A key strength is that our results were based on a nationwide cohort compromising all hospitals in the Netherlands with a maternity unit. Considering that PPH cases requiring massive transfusion must have been managed in one of these units, our results are population-based. Furthermore, our results are directly comparable to those of Green et al. who used the same definition for massive transfusion in their analysis of a UK cohort [12].
However, number of red blood cell concentrates as definition for massive transfusion remains an indicator with shortcomings as well, since it can be influenced by other factors, such as obstetrician’s decision-making. We also acknowledge that our data are from 2004 to 2006 and may not reflect the current situation. Since the incidence of PPH increased significantly throughout the years in many countries, but the incidence of obstetric blood transfusion in the Netherlands decreased [3], it is possible that the incidence of massive transfusion due to PPH may have reduced in recent years, but this is subject of further assessment. There may have been inclusion bias, since identification and management of cases may differ between obstetricians and hospitals. Underreporting is a concern, however, we have previously observed that there is a negative correlation between the rate of underreporting and the number of red blood cell concentrates transfused [34]. Therefore, we would expect a low rate of underreporting. The considerable number of women without a known Hb-level at discharge is likely due to missing data, as a result of the design of the LEMMoN-database that did not specifically include Hb-level at discharge.

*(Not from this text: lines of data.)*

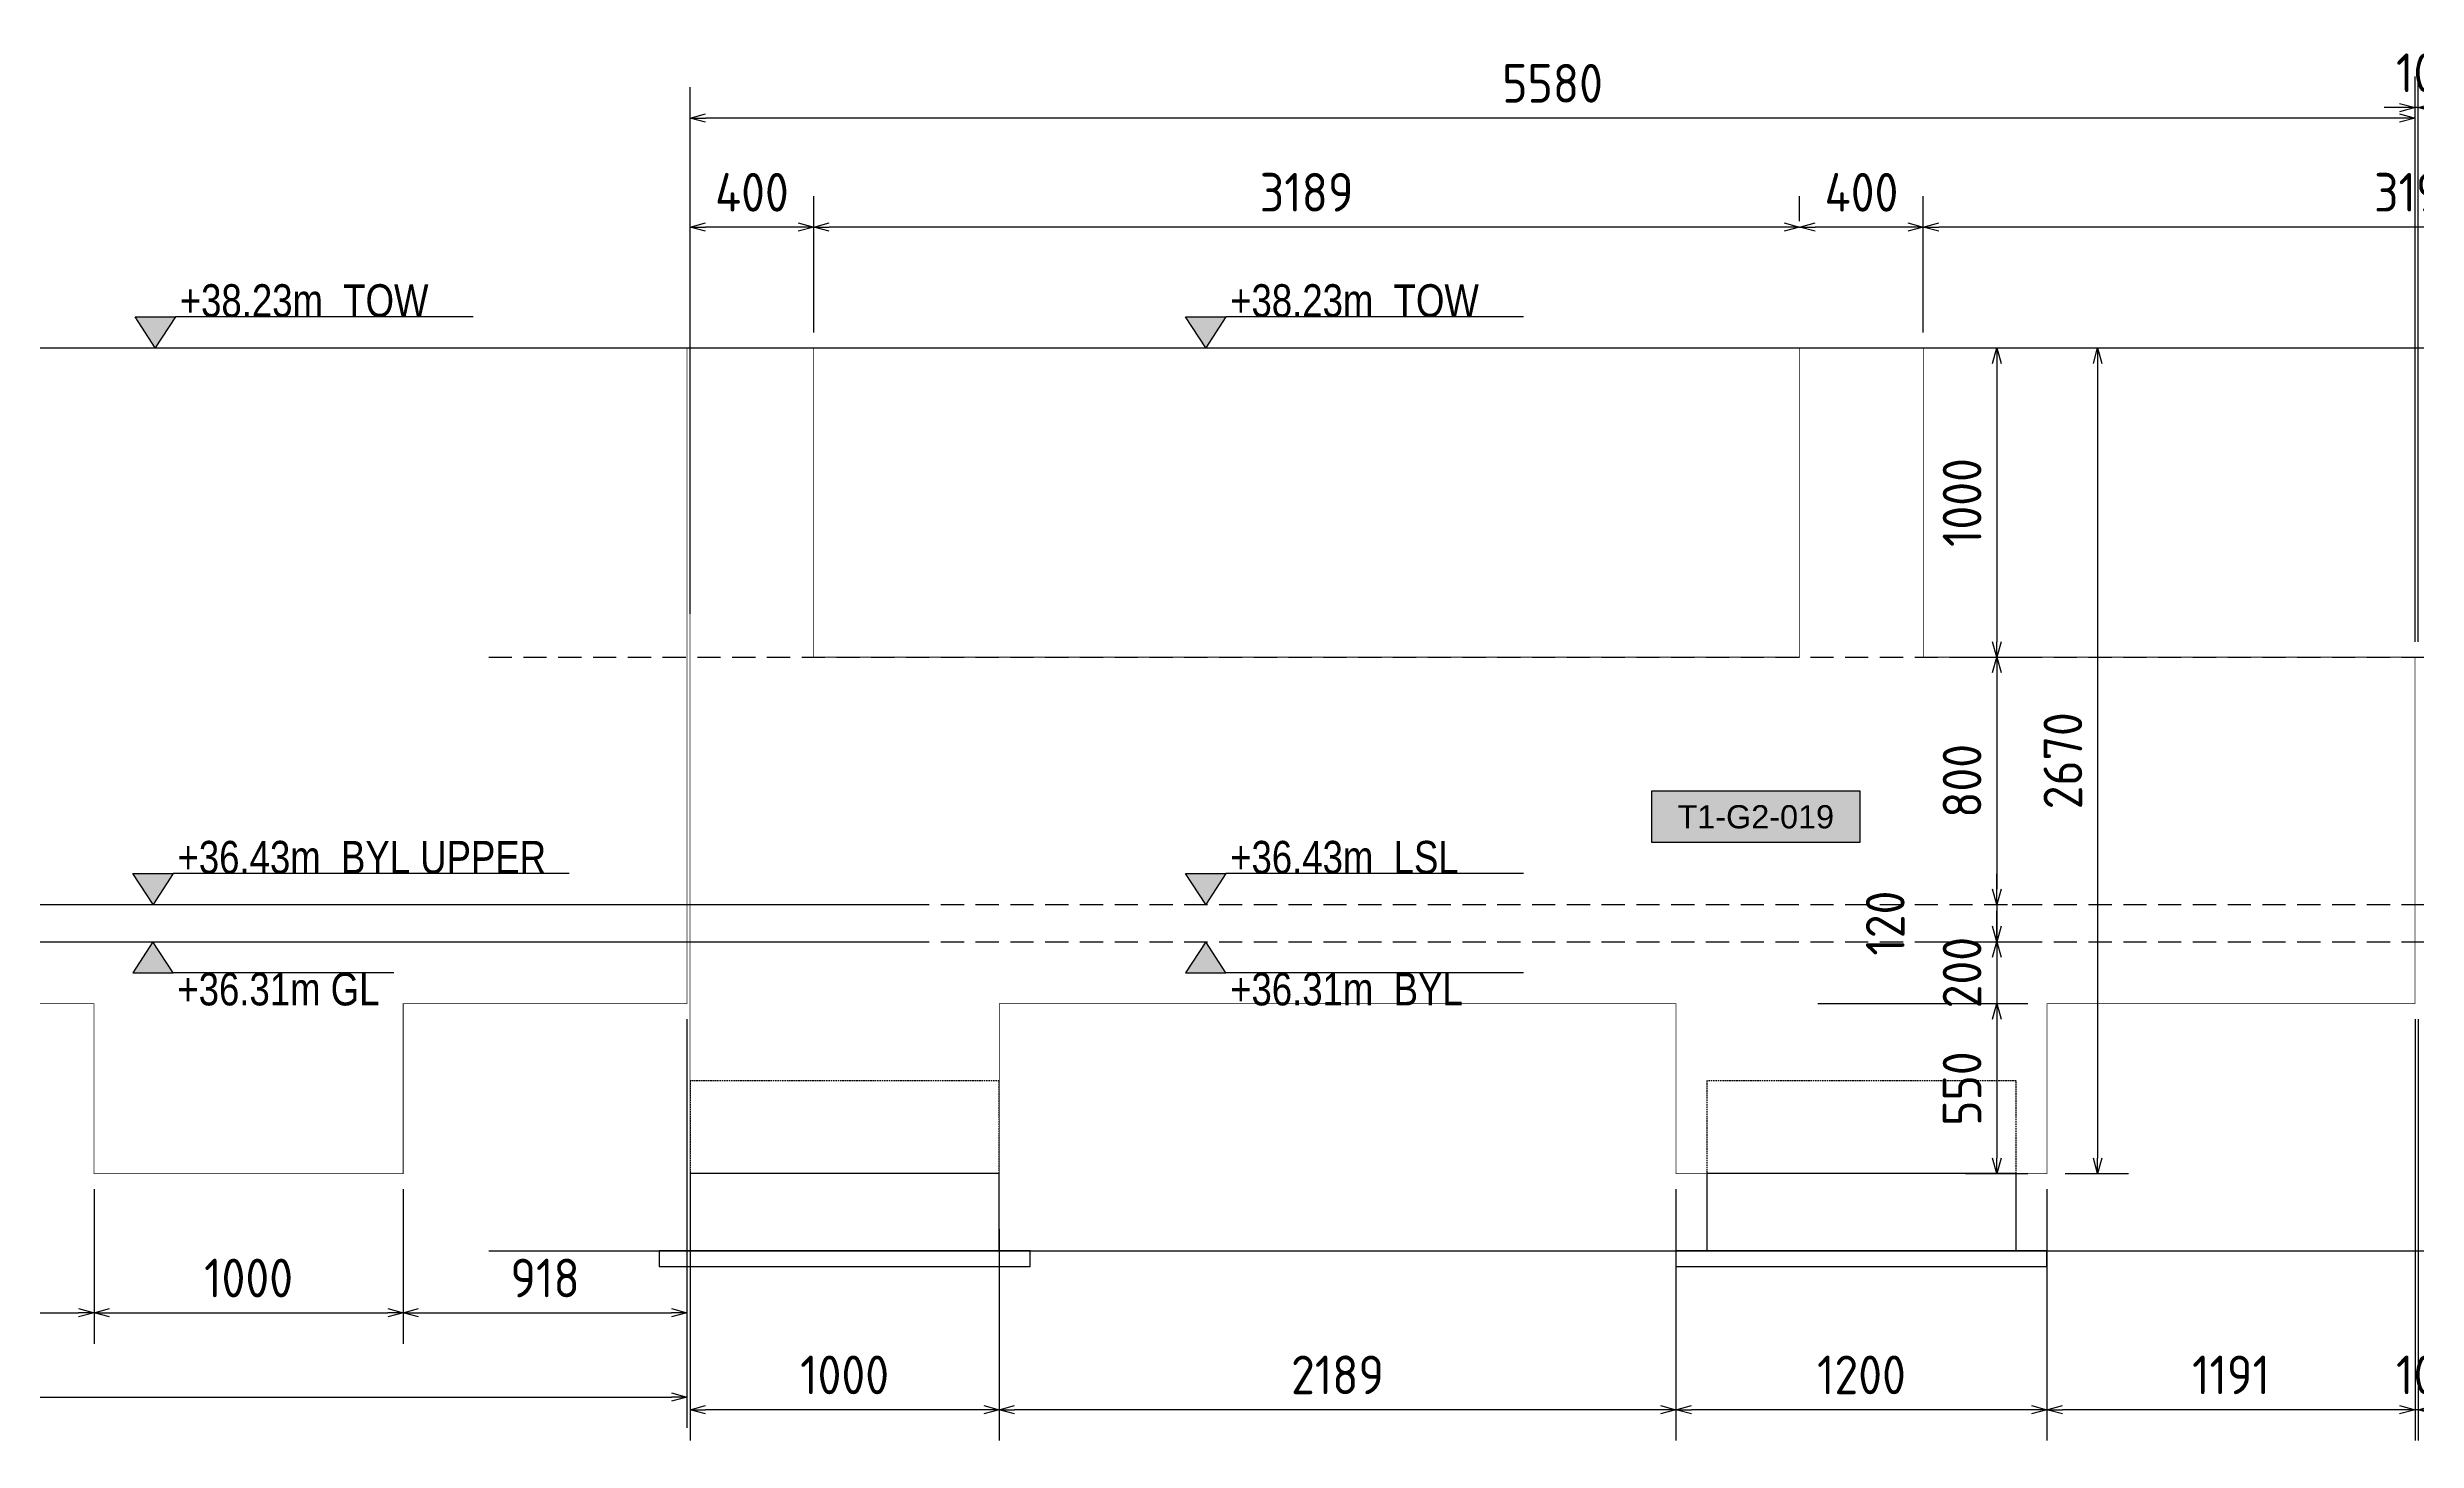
# Model space of a CAD drawing. Header units: centimetres. Extents: x -6122352 to 6876996, y -1694241 to 2592194.
# Drawn here: x 3282562 to 3290226, y 49900 to 54405 of the extents above; entities that cross this region are included whole.
import ezdxf
from ezdxf.enums import TextEntityAlignment as Align

# ---------------------------------------------------------------- set-up
doc = ezdxf.new("R2010")
doc.units = ezdxf.units.CM
doc.header["$MEASUREMENT"] = 0
doc.header["$PDMODE"] = 66
doc.header["$PDSIZE"] = 100
for name, pattern in [('23585-XR-AR-END-SETTING OUT PLAN$0$HIDDEN', [0.375, 0.25, -0.125]), ('CENTER', [2, 1.25, -0.25, 0.25, -0.25]), ('DASHED2', [0.375, 0.25, -0.125])]:
    doc.linetypes.add(name, pattern=pattern)
doc.layers.get('Defpoints').update_dxf_attribs({"color": 255, "linetype": 'CENTER'})
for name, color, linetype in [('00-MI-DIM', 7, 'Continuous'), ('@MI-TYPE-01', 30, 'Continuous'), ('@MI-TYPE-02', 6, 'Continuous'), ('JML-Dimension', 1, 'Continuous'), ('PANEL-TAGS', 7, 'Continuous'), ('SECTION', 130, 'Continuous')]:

Nevertheless, this study makes clear that the incidence of PPH requiring massive transfusion was high in the Netherlands at that time compared to other countries and further research of contemporary obstetric cohorts is needed to allow for more up to date international comparisons of rates of transfusion and hemorrhage-related morbidity. Networks such as the International Network of Obstetric Surveillance Systems (INOSS) could facilitate such studies [35].